YOUR INSTRUCTIONS: Among the entries below, copy every line that carries the word "Basic".

[Stored items]
= = =

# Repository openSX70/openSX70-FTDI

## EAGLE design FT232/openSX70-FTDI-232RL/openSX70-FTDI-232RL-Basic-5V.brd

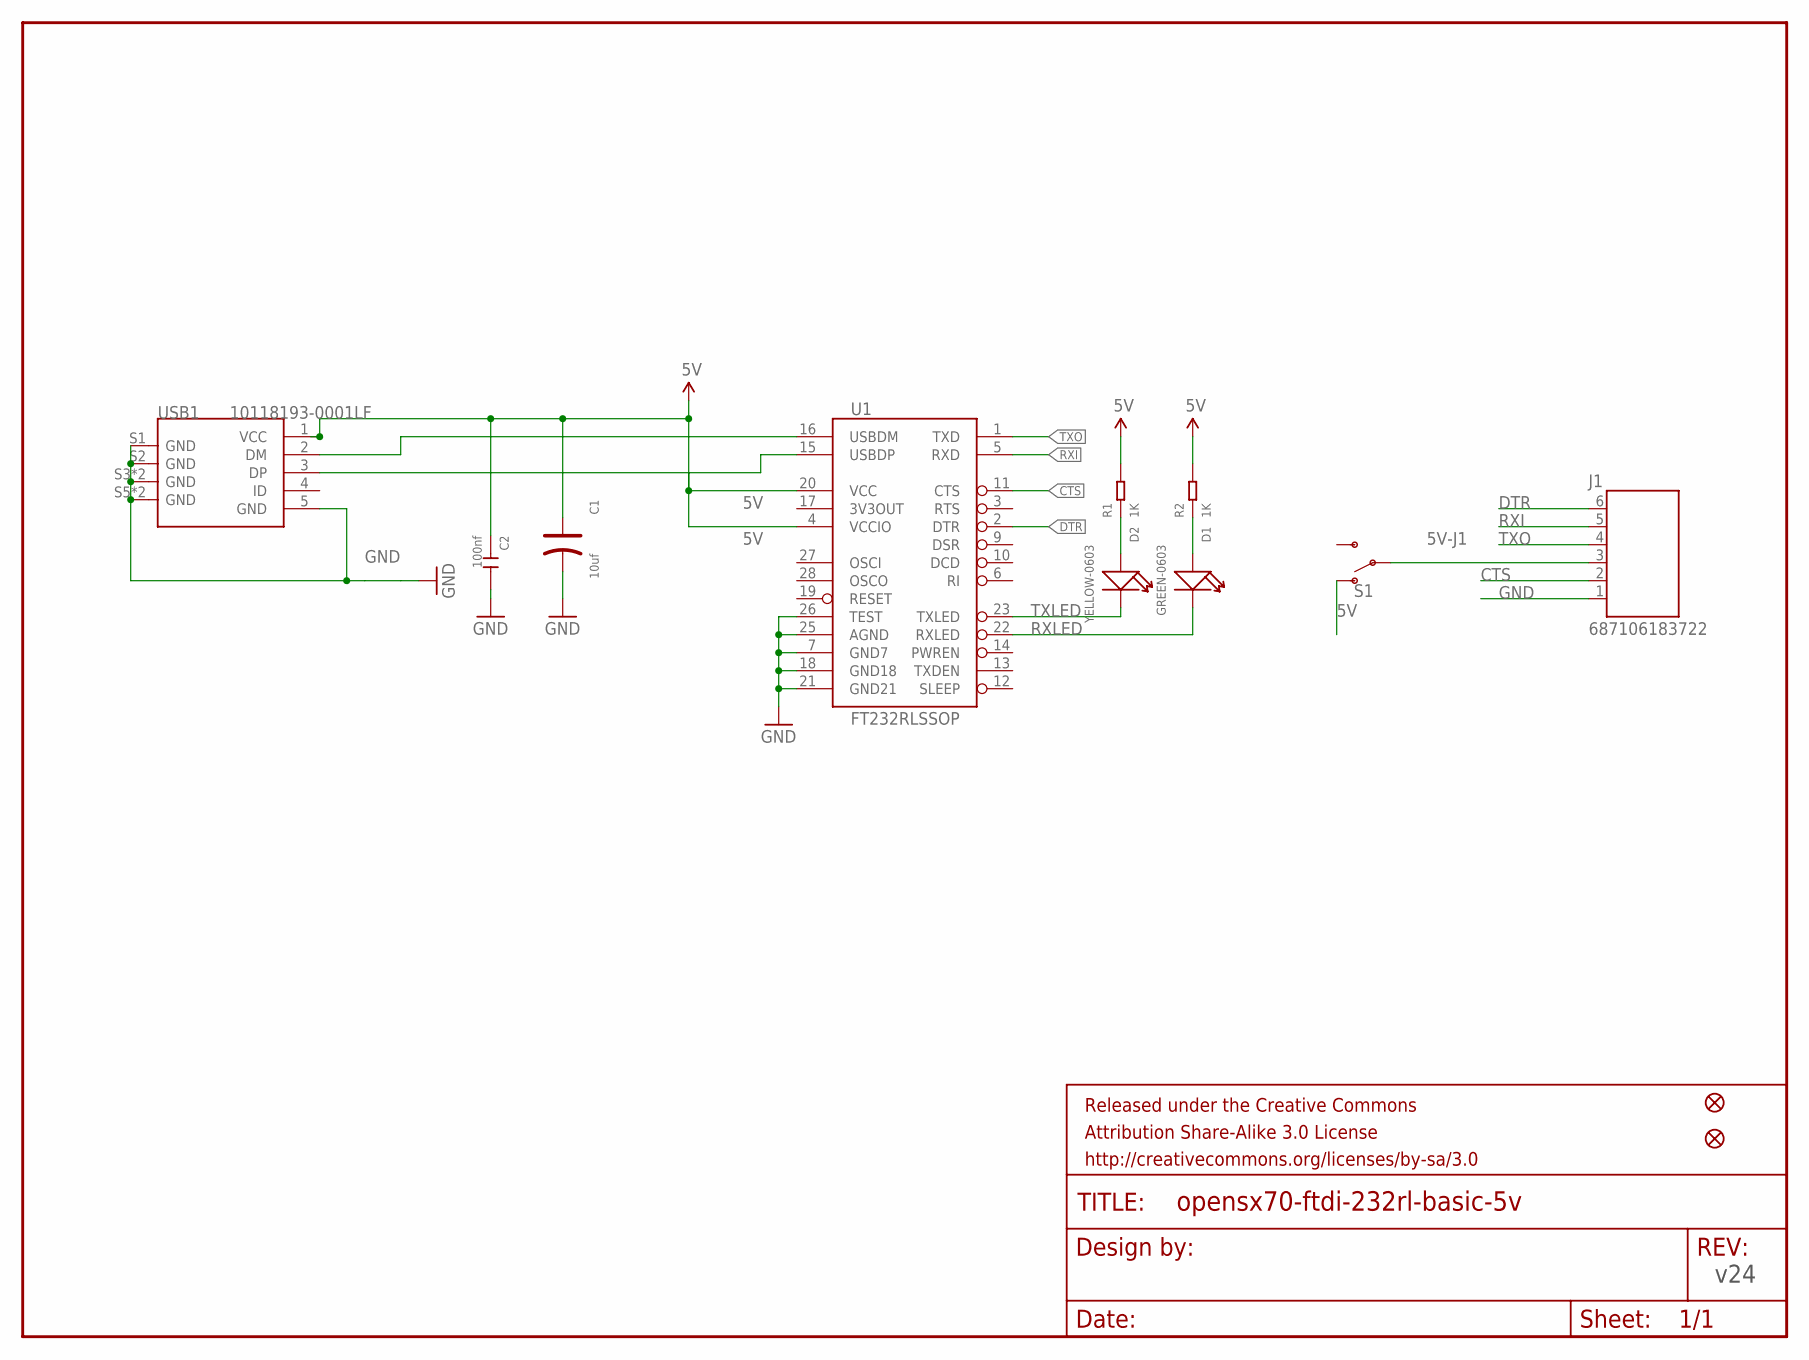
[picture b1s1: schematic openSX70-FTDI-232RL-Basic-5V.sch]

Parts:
C1: 10uf; AVX-A
C2: 100nf; C0603
D1: GREEN-0603; LED-0603
D2: YELLOW-0603; LED-0603
FRAME1: FRAME-LETTER; CREATIVE_COMMONS
J1: 687106183722
JP3, JP5: FIDUCIAL1X2; FIDUCIAL-1X2
R1, R2: 1K; R0603
S1: SWITCH-SPDT-SMD-RIGHT-ANGLE; SWITCH_SPST_SMD_A
U1: FT232RLSSOP; SSOP28DB
USB1: 10118193-0001LF; MICRO-USB5+6P-SMD-0.65-B

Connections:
5V: C1.+, C2.1, R1.2, R2.2, S1.1 (O), U1.4 (VCCIO), U1.20 (VCC), USB1.1 (VCC)
5V-J1: J1.3 (4), S1.2
CTS: J1.2 (5), U1.11 (CTS)
DTR: J1.6 (1), U1.2 (DTR)
GND: C1.-, C2.2, J1.1 (6), U1.7 (GND7), U1.18 (GND18), U1.21 (GND21), U1.25 (AGND), U1.26 (TEST), USB1.5 (GND), USB1.S1 (GND), USB1.S2 (GND), USB1.S3 (GND), USB1.S4 (GND), USB1.S5 (GND), USB1.S6 (GND)
unnamed: D2.+, R1.1
unnamed: D1.+, R2.1
unnamed: U1.16 (USBDM), USB1.2 (DM)
RXI: J1.5 (2), U1.5 (RXD)
RXLED: D1.-, U1.22 (RXLED)
TXLED: D2.-, U1.23 (TXLED)
TXO: J1.4 (3), U1.1 (TXD)
USB_D+: U1.15 (USBDP), USB1.3 (DP)

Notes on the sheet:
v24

= = =

SOLUTION FOR THIS TASK:
## EAGLE design FT232/openSX70-FTDI-232RL/openSX70-FTDI-232RL-Basic-5V.brd
[picture b1s1: schematic openSX70-FTDI-232RL-Basic-5V.sch]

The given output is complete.